Rice Team Patterns Laser-Induced Graphene on Wood

source:photonics

  release:Nick

keywords: Laser Laser application

Time:2017-09-04

HOUSTON, Aug. 28, 2017 — A team at Rice University has patterned a thin film of laser-induced graphene (LIG) on a block of pine using CO2 laser scribing. Previous iterations of LIG have been made by heating the surface of a sheet of polyimide with a laser. 

Turning wood into graphene could open new avenues for the synthesis of LIG. Because of its high electrical conductivity, graphene patterned on wood surfaces could be fabricated into various high-performance devices, such as hydrogen and oxygen electrodes for water splitting and supercapacitors for energy storage. 


Rice University athletics logo made from laser-induced graphene on a block of pine. Rice University.
This Rice University athletics logo is made of laser-induced graphene on a block of pine. Rice scientists used an industrial laser to heat the wood and turned its surface into highly conductive graphene. The material could be used for biodegradable electronics. Courtesy of Tour Group/Rice University.

“For some applications, such as three-dimensional graphene printing, polyimide may not be an ideal substrate,” said Ruquan Ye, a graduate student at Rice who led the study alongside fellow graduate student Yieu Chyan. “In addition, wood is abundant and renewable.” 

Some woods are preferred over others, Rice chemist James Tour said. The research team found that pine's cross-linked lignocellulose structure made it better for the production of high-quality graphene than woods with a lower lignin content, such as birch and oak. Lignin is the complex organic polymer that forms rigid cell walls in wood. 
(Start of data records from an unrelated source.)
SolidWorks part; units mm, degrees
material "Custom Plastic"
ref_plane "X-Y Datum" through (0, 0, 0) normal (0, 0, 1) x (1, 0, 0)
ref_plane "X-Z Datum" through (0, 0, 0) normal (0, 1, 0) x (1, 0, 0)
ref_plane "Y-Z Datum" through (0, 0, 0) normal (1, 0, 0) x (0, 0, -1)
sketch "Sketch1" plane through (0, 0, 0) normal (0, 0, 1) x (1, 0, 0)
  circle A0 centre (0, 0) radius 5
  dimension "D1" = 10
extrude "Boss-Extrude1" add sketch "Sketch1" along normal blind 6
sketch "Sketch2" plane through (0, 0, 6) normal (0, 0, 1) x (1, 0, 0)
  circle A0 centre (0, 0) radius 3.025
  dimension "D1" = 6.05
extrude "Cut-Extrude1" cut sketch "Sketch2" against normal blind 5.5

Similar to making LIG from polyimide, the process for making LIG from wood uses a standard industrial laser at room temperature and pressure, in an inert argon or hydrogen atmosphere. With no oxygen, the heat from the laser does not burn the pine, but creates flakes of graphene foam that bind to the wood surface. 

In experiments, when researchers changed the laser’s power, the chemical composition and thermal stability of the resulting LIG also changed. Researchers found that at 70 percent power, the laser produced the highest quality of what was dubbed “P-LIG,” where the P stands for “pine.” 


Pristine pine at top, laser-induced graphene on pine on bottom. Rice University.
Scanning electron microscope images show pristine pine at top and laser-induced graphene on pine (P-LIG) produced at Rice University at bottom. The scale bar is about 500 micrometers. Courtesy of Tour Group/Rice University.

The lab took its discovery a step further by turning P-LIG into electrodes for splitting water into hydrogen and oxygen. Researchers deposited layers of cobalt and phosphorus or nickel and iron onto P-LIG to make a pair of electrocatalysts with high surface areas that proved to be durable and effective. 

The team also turned P-LIG into supercapacitors for energy storage. Depositing polyaniline onto P-LIG turned it into an energy-storing supercapacitor that had usable performance metrics, Tour said. 

The versatility of this technique for making LIG could inspire both research and industrial interest in the development of wood-derived graphene materials and their nanodevices. 

“There are more applications to explore,” Ye said. “For example, we could use P-LIG in the integration of solar energy for photosynthesis. We believe this discovery will inspire scientists to think about how we could engineer the natural resources that surround us into better-functioning materials.” 

Tour saw a more immediate environmental benefit from biodegradable electronics. 

“Graphene is a thin sheet of a naturally occurring mineral – graphite – so we would be sending it back to the ground from which it came, along with the wood platform instead of to a landfill full of electronics parts,” Tour said.